#### What you need to do
The data below holds a line containing "Sum/1 -> [Water_Deviation], Scope2/1" and a line containing "Voltage Measurement/LConn1 -- Series"; please quote exactly those two lines and every line between them, and nothing else.
==== Record excerpts ====
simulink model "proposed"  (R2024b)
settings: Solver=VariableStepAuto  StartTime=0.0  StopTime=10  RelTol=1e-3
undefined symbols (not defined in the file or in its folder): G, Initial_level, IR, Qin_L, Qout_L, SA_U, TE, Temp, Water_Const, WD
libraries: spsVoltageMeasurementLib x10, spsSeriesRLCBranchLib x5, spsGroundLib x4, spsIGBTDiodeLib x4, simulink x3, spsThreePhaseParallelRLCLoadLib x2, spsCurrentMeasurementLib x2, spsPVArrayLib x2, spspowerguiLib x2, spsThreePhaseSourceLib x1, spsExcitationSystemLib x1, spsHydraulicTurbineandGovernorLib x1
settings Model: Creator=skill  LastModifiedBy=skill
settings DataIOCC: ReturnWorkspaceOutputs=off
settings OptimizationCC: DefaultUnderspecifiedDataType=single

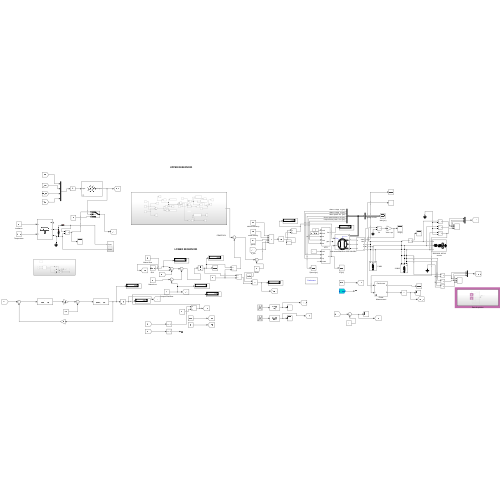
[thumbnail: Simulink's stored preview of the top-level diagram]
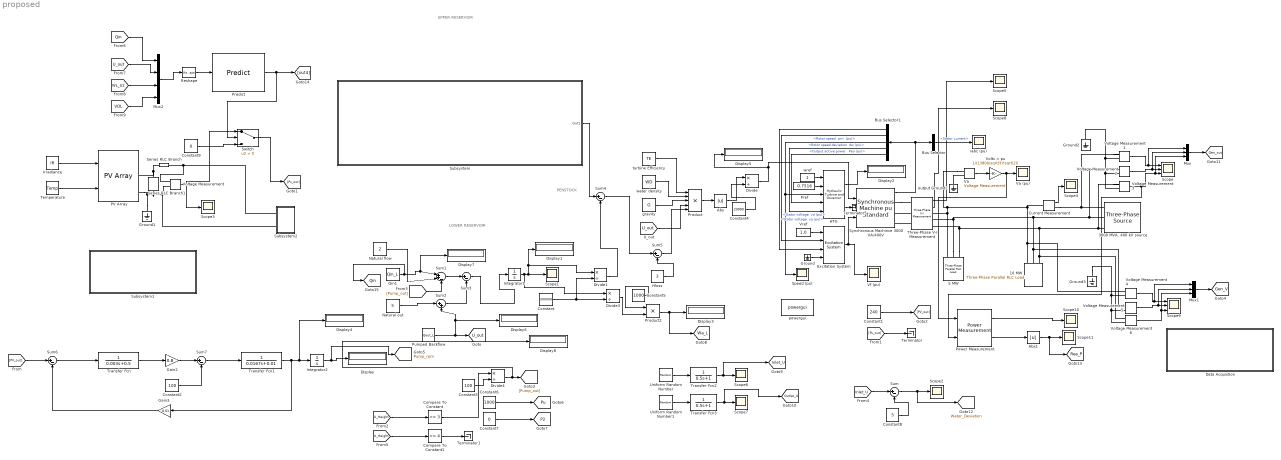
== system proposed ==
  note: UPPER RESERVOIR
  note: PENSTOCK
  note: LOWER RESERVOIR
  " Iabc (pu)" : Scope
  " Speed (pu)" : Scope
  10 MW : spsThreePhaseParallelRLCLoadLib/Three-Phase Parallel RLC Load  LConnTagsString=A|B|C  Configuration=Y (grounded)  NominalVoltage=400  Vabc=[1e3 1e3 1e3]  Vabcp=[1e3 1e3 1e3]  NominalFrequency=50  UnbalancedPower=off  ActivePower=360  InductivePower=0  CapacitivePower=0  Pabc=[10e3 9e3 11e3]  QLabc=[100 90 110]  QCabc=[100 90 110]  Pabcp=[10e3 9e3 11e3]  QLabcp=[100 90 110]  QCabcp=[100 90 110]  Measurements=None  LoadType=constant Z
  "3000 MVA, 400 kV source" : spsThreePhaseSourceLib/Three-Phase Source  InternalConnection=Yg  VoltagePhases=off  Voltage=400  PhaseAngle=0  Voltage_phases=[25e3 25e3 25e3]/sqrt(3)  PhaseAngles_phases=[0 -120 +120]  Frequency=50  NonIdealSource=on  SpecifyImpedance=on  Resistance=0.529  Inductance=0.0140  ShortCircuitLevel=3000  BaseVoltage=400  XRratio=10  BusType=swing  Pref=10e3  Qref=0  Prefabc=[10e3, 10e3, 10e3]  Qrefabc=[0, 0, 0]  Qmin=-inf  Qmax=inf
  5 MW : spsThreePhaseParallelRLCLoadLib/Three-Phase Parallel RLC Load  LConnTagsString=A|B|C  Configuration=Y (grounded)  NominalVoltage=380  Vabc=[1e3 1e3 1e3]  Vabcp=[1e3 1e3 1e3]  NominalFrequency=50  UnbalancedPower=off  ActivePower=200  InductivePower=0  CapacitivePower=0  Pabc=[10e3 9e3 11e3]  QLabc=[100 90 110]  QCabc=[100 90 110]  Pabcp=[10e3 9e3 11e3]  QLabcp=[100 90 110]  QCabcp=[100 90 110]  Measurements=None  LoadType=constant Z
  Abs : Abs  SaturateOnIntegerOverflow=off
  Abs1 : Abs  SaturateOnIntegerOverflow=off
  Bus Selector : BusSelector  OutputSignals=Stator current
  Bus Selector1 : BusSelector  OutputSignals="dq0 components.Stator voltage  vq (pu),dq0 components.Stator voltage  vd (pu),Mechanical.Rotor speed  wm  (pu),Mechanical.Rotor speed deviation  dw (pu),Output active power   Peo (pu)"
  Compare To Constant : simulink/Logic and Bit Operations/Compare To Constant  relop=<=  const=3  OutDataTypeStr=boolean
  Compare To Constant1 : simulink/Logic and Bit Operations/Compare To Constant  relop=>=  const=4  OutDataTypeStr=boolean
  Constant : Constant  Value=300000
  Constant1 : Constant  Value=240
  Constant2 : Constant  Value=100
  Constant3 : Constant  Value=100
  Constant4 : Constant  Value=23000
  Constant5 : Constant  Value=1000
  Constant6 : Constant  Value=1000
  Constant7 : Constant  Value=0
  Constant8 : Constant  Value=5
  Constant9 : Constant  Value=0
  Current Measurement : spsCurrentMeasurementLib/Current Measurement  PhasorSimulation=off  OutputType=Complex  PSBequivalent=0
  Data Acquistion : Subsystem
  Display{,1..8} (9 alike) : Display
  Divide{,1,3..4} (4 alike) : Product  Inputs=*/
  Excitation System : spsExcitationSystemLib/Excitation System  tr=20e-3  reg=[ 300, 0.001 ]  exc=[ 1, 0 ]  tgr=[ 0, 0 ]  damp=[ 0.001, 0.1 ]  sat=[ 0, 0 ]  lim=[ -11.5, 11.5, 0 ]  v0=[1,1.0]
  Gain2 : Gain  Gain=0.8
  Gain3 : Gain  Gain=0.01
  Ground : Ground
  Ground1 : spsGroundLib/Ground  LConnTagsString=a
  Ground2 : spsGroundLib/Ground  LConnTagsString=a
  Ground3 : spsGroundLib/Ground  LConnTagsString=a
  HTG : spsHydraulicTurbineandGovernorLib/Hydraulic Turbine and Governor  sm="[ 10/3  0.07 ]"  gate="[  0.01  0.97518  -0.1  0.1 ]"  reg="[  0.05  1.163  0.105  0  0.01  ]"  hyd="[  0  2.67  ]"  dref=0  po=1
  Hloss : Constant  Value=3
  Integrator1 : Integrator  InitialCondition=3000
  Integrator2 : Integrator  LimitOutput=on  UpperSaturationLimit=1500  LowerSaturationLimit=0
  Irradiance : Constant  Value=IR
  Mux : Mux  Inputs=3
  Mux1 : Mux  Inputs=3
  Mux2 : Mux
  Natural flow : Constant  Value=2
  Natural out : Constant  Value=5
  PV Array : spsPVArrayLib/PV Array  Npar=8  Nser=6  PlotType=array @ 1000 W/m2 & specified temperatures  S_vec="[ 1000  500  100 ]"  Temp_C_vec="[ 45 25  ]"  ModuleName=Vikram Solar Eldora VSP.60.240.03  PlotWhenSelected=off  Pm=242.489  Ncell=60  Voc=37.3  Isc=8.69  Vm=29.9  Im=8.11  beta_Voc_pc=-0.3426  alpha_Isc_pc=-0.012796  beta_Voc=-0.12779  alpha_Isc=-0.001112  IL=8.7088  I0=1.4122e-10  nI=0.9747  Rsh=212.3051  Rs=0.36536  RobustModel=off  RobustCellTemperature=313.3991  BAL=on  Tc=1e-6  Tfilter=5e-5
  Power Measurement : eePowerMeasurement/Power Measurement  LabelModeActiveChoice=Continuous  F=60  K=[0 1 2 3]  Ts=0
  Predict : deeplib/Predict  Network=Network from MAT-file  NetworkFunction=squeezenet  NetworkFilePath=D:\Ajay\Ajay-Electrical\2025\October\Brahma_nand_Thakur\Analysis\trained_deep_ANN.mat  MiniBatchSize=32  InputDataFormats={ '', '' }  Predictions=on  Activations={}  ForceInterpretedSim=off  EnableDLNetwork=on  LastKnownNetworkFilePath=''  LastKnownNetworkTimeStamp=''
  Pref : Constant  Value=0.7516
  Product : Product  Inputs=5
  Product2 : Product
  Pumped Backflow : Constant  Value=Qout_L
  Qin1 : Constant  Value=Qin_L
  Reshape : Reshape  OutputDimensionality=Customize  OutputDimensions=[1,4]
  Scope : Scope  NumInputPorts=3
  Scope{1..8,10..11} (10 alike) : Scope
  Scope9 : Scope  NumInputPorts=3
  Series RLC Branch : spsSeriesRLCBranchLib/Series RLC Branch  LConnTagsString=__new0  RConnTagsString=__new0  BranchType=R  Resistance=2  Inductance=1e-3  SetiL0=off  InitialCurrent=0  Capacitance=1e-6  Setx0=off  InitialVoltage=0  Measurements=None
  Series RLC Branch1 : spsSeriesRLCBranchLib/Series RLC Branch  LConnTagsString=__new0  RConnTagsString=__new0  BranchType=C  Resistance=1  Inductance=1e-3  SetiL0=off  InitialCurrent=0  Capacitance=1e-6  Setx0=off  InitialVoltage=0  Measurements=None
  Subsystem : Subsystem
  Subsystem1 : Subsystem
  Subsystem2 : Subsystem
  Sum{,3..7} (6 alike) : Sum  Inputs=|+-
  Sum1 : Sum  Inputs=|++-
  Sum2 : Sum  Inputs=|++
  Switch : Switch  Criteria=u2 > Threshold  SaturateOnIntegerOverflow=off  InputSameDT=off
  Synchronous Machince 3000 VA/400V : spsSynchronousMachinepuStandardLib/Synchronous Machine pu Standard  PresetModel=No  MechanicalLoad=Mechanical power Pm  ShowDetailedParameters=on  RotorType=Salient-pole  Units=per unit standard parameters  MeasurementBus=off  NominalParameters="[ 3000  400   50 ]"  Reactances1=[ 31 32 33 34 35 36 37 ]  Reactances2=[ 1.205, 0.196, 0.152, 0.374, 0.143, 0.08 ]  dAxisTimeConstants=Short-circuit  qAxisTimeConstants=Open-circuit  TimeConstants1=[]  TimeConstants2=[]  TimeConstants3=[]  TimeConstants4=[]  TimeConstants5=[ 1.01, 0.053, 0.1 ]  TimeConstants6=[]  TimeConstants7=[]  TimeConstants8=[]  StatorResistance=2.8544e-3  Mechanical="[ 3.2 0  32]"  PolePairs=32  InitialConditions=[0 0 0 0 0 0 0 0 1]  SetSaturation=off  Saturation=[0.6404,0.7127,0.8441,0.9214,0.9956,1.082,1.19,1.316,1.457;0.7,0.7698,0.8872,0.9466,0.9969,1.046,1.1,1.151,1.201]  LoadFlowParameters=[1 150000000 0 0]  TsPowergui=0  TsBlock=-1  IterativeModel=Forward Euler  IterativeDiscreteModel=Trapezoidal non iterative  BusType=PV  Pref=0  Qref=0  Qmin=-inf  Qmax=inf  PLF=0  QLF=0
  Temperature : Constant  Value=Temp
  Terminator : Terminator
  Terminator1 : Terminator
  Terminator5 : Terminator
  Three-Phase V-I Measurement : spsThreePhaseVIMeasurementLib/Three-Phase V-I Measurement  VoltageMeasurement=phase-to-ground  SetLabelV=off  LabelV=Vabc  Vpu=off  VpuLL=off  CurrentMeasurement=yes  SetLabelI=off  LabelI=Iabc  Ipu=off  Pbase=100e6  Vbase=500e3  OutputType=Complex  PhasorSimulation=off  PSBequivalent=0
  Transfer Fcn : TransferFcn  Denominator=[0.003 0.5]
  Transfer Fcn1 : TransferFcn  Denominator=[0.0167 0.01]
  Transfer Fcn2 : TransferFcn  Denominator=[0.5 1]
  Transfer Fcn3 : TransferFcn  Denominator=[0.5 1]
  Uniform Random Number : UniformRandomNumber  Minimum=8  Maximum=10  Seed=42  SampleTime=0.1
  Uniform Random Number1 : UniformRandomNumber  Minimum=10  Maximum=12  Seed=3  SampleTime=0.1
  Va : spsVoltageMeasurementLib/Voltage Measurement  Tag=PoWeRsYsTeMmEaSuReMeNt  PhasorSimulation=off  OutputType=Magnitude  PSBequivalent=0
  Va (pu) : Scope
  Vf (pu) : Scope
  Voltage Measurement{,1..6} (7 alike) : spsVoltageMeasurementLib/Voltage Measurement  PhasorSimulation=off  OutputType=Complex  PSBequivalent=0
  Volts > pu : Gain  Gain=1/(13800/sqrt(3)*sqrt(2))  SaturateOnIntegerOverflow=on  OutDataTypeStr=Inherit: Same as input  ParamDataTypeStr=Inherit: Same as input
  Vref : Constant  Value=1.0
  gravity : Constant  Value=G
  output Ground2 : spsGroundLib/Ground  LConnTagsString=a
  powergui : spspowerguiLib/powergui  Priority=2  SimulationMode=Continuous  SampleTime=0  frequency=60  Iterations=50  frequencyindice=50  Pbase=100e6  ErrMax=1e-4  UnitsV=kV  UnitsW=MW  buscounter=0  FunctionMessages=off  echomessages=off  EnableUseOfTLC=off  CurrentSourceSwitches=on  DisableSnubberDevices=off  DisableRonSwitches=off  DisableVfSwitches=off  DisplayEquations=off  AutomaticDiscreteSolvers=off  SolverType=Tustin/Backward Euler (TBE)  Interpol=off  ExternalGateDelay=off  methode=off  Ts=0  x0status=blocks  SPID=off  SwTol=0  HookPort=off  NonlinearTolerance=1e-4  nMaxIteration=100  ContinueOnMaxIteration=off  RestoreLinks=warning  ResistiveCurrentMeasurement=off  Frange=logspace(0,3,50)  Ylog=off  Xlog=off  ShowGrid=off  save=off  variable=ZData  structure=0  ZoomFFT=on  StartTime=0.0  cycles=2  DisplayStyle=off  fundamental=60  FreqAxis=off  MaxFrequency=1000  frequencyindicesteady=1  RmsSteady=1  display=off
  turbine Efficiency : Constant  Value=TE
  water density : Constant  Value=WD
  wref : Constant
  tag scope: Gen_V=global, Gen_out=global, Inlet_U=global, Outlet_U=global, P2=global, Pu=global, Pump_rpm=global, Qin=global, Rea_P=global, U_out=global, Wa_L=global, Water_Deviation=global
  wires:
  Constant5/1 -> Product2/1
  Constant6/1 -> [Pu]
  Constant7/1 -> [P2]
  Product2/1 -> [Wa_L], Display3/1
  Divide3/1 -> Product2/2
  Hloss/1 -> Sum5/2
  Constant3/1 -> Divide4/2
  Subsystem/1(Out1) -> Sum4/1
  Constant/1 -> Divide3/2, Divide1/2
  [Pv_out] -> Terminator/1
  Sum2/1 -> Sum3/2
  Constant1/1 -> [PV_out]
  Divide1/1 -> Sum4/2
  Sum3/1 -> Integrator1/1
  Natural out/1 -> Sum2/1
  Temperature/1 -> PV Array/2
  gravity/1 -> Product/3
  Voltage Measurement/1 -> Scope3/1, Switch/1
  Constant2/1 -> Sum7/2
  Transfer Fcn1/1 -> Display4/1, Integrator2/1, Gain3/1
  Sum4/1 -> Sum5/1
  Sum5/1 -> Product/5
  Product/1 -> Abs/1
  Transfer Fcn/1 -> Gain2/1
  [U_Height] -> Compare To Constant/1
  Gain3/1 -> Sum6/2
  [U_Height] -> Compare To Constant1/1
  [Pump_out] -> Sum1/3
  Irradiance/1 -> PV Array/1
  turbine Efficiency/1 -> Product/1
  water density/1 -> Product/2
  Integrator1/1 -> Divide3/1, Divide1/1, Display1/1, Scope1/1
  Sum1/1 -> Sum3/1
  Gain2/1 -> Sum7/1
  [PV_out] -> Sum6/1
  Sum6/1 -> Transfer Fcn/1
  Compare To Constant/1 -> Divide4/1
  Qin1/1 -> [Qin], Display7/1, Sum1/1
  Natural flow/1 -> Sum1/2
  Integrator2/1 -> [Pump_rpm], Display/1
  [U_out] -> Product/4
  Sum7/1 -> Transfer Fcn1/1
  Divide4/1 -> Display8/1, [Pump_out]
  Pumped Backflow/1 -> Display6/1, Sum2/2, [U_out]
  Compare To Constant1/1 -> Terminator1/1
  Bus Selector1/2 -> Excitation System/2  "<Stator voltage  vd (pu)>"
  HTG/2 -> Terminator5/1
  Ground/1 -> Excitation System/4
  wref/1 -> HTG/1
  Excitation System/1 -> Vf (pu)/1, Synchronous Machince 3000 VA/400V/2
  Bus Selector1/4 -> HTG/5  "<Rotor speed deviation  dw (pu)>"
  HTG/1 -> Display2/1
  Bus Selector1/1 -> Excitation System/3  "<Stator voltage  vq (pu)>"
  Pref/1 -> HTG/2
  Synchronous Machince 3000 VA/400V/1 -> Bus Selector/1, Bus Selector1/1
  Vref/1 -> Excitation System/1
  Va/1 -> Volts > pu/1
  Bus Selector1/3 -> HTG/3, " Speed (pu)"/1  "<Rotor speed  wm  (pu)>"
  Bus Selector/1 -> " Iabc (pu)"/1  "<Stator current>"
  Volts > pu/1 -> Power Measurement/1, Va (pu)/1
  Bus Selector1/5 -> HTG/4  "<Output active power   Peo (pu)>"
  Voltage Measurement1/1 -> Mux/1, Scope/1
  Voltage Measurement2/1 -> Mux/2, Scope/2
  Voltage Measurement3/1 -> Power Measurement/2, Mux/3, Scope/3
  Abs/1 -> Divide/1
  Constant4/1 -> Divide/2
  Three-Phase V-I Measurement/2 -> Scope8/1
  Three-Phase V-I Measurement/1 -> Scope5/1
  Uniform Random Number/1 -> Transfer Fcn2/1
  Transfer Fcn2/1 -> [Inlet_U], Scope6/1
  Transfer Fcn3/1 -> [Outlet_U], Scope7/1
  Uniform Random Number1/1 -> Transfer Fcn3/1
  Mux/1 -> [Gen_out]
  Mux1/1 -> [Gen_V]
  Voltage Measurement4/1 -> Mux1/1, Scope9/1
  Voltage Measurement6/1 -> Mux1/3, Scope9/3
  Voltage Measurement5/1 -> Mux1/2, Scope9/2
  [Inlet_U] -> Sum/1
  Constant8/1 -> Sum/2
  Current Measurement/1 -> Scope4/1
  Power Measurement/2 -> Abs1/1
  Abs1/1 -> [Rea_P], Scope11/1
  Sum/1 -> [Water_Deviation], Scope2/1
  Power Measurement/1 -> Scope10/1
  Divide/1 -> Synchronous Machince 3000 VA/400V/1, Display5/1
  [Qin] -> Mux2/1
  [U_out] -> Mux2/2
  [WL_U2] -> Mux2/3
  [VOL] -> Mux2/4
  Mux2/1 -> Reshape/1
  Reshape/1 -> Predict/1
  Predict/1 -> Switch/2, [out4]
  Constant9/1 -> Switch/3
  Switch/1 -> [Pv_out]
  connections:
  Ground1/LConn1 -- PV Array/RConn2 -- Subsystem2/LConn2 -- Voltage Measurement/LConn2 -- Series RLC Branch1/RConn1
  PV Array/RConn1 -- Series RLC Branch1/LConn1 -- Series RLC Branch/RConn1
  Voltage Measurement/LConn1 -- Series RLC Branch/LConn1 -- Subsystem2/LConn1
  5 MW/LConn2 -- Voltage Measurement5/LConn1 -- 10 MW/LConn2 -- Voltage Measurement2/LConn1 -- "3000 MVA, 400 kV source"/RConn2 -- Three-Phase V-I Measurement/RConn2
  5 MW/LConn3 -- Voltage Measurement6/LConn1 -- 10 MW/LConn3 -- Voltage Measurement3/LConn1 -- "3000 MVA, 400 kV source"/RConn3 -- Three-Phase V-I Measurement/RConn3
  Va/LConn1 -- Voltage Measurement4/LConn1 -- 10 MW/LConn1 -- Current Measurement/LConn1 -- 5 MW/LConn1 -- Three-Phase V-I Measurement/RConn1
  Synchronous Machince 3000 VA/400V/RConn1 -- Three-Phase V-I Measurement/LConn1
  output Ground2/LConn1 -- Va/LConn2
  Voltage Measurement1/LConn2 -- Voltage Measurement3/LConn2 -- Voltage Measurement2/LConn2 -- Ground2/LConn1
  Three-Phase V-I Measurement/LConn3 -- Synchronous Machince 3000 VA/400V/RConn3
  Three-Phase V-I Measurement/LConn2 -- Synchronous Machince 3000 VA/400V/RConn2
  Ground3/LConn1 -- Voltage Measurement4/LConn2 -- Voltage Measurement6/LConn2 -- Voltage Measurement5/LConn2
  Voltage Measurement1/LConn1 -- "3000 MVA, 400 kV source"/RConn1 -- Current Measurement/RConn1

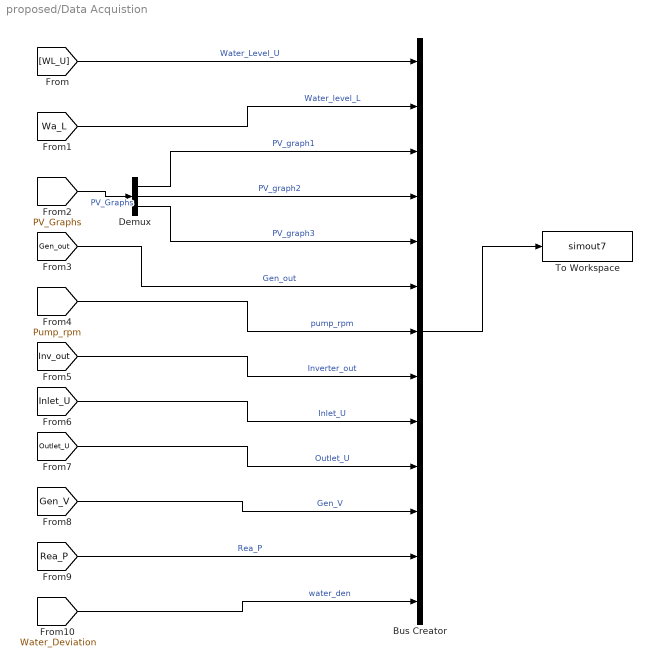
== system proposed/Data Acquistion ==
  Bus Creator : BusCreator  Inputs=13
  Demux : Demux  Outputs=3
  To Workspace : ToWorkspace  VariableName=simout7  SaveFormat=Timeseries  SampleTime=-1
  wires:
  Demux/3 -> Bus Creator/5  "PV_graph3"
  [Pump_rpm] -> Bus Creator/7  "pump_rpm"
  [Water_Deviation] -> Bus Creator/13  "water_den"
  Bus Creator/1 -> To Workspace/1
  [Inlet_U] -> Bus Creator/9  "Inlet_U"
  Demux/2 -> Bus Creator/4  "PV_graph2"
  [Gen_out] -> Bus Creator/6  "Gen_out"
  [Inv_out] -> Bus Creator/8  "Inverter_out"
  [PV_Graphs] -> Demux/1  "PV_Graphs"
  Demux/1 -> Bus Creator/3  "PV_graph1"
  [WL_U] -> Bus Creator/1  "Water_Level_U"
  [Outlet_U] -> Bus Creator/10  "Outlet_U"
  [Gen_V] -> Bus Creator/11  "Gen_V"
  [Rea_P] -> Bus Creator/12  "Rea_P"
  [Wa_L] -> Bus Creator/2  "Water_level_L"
====
#### Result of this task
  Sum/1 -> [Water_Deviation], Scope2/1
  Power Measurement/1 -> Scope10/1
  Divide/1 -> Synchronous Machince 3000 VA/400V/1, Display5/1
  [Qin] -> Mux2/1
  [U_out] -> Mux2/2
  [WL_U2] -> Mux2/3
  [VOL] -> Mux2/4
  Mux2/1 -> Reshape/1
  Reshape/1 -> Predict/1
  Predict/1 -> Switch/2, [out4]
  Constant9/1 -> Switch/3
  Switch/1 -> [Pv_out]
  connections:
  Ground1/LConn1 -- PV Array/RConn2 -- Subsystem2/LConn2 -- Voltage Measurement/LConn2 -- Series RLC Branch1/RConn1
  PV Array/RConn1 -- Series RLC Branch1/LConn1 -- Series RLC Branch/RConn1
  Voltage Measurement/LConn1 -- Series RLC Branch/LConn1 -- Subsystem2/LConn1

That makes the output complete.